**What is required**: Below is a listing. Set down exactly the lines from the one containing "R5, R22, R23, R24, R25: 1Meg;" through the one containing "unnamed: C20.2, U2.4 (REFIN+/OUT)", both ends included, and leave out the rest.

**Information**:
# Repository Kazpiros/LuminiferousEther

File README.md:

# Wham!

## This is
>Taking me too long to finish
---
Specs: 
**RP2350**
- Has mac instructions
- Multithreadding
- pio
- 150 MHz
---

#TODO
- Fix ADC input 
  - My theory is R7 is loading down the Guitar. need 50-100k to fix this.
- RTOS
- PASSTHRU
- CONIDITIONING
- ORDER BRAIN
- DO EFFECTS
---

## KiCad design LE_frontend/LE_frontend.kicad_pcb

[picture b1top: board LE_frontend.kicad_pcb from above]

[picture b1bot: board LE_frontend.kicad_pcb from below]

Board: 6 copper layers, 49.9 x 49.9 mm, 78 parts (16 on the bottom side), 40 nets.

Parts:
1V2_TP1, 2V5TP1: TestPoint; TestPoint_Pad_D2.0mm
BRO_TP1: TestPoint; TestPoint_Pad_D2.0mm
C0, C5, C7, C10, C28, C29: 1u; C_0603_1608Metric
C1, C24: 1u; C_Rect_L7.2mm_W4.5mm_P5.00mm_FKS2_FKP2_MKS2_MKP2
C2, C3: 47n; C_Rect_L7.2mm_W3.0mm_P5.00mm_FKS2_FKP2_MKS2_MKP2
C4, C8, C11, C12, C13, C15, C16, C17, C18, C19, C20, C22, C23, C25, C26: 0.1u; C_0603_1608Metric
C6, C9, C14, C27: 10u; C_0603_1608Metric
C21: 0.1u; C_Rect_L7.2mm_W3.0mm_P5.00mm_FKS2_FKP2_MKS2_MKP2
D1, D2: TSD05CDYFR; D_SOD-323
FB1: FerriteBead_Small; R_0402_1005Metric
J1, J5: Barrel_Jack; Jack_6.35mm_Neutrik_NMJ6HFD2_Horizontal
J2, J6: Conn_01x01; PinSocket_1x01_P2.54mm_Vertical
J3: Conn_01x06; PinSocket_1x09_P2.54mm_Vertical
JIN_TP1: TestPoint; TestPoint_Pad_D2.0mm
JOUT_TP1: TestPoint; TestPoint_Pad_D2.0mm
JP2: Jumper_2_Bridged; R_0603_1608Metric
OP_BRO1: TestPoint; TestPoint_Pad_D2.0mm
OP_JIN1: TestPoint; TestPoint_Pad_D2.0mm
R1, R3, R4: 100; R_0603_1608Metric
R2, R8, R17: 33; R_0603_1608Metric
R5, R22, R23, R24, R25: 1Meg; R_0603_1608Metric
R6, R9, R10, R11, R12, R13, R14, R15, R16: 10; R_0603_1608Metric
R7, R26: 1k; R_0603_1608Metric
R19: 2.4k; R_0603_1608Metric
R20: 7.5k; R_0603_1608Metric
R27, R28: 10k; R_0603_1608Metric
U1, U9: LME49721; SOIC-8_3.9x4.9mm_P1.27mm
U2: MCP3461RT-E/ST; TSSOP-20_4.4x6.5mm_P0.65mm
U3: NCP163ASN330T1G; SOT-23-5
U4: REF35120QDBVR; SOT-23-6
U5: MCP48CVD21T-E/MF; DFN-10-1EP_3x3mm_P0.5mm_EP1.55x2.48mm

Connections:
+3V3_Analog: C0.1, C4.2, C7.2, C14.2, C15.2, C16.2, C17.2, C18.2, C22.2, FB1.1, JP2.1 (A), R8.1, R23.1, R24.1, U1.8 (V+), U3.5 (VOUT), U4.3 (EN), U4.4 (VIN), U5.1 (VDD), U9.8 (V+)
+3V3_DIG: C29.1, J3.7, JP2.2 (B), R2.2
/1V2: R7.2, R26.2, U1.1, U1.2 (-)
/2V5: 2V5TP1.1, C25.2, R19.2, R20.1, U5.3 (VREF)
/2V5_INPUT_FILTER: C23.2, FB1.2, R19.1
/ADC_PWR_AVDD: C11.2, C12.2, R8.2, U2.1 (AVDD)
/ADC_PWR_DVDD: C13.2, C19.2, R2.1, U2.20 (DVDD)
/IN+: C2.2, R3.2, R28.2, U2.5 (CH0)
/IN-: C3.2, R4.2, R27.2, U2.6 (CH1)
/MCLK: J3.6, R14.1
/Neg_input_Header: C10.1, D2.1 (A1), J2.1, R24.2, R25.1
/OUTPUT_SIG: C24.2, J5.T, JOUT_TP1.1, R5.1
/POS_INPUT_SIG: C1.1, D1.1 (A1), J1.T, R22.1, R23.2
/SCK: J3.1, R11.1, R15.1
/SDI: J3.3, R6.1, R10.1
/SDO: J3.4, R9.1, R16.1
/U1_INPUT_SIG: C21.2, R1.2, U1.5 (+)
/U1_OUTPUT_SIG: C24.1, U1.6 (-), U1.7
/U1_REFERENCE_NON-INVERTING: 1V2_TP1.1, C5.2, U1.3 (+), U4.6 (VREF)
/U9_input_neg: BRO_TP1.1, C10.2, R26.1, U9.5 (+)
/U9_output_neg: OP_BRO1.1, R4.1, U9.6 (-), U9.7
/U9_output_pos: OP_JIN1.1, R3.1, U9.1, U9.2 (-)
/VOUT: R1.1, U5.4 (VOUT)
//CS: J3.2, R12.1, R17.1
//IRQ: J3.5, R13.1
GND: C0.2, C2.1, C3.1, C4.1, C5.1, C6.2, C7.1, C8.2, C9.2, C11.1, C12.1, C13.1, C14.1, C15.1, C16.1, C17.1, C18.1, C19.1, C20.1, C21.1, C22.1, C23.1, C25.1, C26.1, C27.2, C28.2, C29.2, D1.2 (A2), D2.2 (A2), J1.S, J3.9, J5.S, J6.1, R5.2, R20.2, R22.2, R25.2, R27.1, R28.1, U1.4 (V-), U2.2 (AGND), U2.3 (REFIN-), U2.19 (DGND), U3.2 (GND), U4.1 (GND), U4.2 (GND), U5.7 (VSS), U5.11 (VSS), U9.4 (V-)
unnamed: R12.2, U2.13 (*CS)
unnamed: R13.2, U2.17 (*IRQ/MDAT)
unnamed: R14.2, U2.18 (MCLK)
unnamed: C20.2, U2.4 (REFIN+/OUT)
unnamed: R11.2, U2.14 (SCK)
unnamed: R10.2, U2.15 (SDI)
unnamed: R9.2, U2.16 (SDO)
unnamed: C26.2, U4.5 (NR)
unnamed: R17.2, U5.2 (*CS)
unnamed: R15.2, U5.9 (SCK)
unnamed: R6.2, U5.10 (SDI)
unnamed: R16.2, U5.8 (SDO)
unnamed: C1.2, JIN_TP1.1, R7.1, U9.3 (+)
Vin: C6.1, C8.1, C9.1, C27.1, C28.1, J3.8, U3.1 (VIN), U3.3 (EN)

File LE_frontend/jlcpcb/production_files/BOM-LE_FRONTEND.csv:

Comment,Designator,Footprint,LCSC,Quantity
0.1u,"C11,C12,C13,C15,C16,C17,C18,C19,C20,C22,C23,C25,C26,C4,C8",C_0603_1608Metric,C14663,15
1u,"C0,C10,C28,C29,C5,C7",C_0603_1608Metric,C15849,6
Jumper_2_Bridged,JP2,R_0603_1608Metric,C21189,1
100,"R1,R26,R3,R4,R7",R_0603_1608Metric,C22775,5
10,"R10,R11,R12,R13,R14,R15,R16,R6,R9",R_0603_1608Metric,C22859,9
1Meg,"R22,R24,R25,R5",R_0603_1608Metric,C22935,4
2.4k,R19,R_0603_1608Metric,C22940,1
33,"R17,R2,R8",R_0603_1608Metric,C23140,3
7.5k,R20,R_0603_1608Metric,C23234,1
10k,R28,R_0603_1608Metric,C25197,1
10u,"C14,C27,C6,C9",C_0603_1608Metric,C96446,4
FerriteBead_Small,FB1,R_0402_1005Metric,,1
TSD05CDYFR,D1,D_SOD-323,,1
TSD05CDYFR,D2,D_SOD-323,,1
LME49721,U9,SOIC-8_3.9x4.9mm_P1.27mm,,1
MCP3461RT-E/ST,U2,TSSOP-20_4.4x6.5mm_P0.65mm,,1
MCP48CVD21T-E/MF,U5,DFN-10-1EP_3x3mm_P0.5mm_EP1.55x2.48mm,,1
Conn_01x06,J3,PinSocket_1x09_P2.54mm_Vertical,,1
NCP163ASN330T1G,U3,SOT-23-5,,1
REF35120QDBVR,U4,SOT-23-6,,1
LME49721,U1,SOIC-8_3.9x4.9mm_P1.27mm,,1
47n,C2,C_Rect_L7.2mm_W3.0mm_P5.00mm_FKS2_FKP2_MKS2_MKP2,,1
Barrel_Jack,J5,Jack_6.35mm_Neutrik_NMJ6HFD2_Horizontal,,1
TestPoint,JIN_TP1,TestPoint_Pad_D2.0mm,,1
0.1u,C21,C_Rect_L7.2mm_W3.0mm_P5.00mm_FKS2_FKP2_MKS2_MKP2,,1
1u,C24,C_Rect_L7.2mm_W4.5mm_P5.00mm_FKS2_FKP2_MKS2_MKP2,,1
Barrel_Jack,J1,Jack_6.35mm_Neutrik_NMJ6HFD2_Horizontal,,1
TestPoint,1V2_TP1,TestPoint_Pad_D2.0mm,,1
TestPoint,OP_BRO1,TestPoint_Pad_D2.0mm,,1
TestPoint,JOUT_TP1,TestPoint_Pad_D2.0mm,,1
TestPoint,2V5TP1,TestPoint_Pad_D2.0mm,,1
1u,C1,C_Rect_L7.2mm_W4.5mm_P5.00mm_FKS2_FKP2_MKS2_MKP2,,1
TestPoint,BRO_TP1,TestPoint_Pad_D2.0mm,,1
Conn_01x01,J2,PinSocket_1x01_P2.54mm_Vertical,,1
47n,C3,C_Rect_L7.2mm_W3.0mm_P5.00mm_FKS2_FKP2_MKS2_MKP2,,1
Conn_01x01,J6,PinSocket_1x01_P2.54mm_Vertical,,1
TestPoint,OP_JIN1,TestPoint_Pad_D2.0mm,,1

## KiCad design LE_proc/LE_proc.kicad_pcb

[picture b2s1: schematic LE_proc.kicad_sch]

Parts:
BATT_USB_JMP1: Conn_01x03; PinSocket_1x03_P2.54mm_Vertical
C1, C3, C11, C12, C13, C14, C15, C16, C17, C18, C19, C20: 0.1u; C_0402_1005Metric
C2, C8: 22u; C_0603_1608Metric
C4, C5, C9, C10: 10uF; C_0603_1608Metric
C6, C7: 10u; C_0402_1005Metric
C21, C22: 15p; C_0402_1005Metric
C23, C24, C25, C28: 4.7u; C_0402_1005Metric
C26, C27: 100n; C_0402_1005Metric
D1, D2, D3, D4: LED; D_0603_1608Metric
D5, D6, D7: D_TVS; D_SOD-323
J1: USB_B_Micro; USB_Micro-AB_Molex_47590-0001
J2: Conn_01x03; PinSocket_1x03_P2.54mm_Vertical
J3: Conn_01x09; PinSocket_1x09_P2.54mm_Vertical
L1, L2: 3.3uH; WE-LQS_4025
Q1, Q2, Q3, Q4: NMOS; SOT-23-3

**Output of the exercise**:
R5, R22, R23, R24, R25: 1Meg; R_0603_1608Metric
R6, R9, R10, R11, R12, R13, R14, R15, R16: 10; R_0603_1608Metric
R7, R26: 1k; R_0603_1608Metric
R19: 2.4k; R_0603_1608Metric
R20: 7.5k; R_0603_1608Metric
R27, R28: 10k; R_0603_1608Metric
U1, U9: LME49721; SOIC-8_3.9x4.9mm_P1.27mm
U2: MCP3461RT-E/ST; TSSOP-20_4.4x6.5mm_P0.65mm
U3: NCP163ASN330T1G; SOT-23-5
U4: REF35120QDBVR; SOT-23-6
U5: MCP48CVD21T-E/MF; DFN-10-1EP_3x3mm_P0.5mm_EP1.55x2.48mm

Connections:
+3V3_Analog: C0.1, C4.2, C7.2, C14.2, C15.2, C16.2, C17.2, C18.2, C22.2, FB1.1, JP2.1 (A), R8.1, R23.1, R24.1, U1.8 (V+), U3.5 (VOUT), U4.3 (EN), U4.4 (VIN), U5.1 (VDD), U9.8 (V+)
+3V3_DIG: C29.1, J3.7, JP2.2 (B), R2.2
/1V2: R7.2, R26.2, U1.1, U1.2 (-)
/2V5: 2V5TP1.1, C25.2, R19.2, R20.1, U5.3 (VREF)
/2V5_INPUT_FILTER: C23.2, FB1.2, R19.1
/ADC_PWR_AVDD: C11.2, C12.2, R8.2, U2.1 (AVDD)
/ADC_PWR_DVDD: C13.2, C19.2, R2.1, U2.20 (DVDD)
/IN+: C2.2, R3.2, R28.2, U2.5 (CH0)
/IN-: C3.2, R4.2, R27.2, U2.6 (CH1)
/MCLK: J3.6, R14.1
/Neg_input_Header: C10.1, D2.1 (A1), J2.1, R24.2, R25.1
/OUTPUT_SIG: C24.2, J5.T, JOUT_TP1.1, R5.1
/POS_INPUT_SIG: C1.1, D1.1 (A1), J1.T, R22.1, R23.2
/SCK: J3.1, R11.1, R15.1
/SDI: J3.3, R6.1, R10.1
/SDO: J3.4, R9.1, R16.1
/U1_INPUT_SIG: C21.2, R1.2, U1.5 (+)
/U1_OUTPUT_SIG: C24.1, U1.6 (-), U1.7
/U1_REFERENCE_NON-INVERTING: 1V2_TP1.1, C5.2, U1.3 (+), U4.6 (VREF)
/U9_input_neg: BRO_TP1.1, C10.2, R26.1, U9.5 (+)
/U9_output_neg: OP_BRO1.1, R4.1, U9.6 (-), U9.7
/U9_output_pos: OP_JIN1.1, R3.1, U9.1, U9.2 (-)
/VOUT: R1.1, U5.4 (VOUT)
//CS: J3.2, R12.1, R17.1
//IRQ: J3.5, R13.1
GND: C0.2, C2.1, C3.1, C4.1, C5.1, C6.2, C7.1, C8.2, C9.2, C11.1, C12.1, C13.1, C14.1, C15.1, C16.1, C17.1, C18.1, C19.1, C20.1, C21.1, C22.1, C23.1, C25.1, C26.1, C27.2, C28.2, C29.2, D1.2 (A2), D2.2 (A2), J1.S, J3.9, J5.S, J6.1, R5.2, R20.2, R22.2, R25.2, R27.1, R28.1, U1.4 (V-), U2.2 (AGND), U2.3 (REFIN-), U2.19 (DGND), U3.2 (GND), U4.1 (GND), U4.2 (GND), U5.7 (VSS), U5.11 (VSS), U9.4 (V-)
unnamed: R12.2, U2.13 (*CS)
unnamed: R13.2, U2.17 (*IRQ/MDAT)
unnamed: R14.2, U2.18 (MCLK)
unnamed: C20.2, U2.4 (REFIN+/OUT)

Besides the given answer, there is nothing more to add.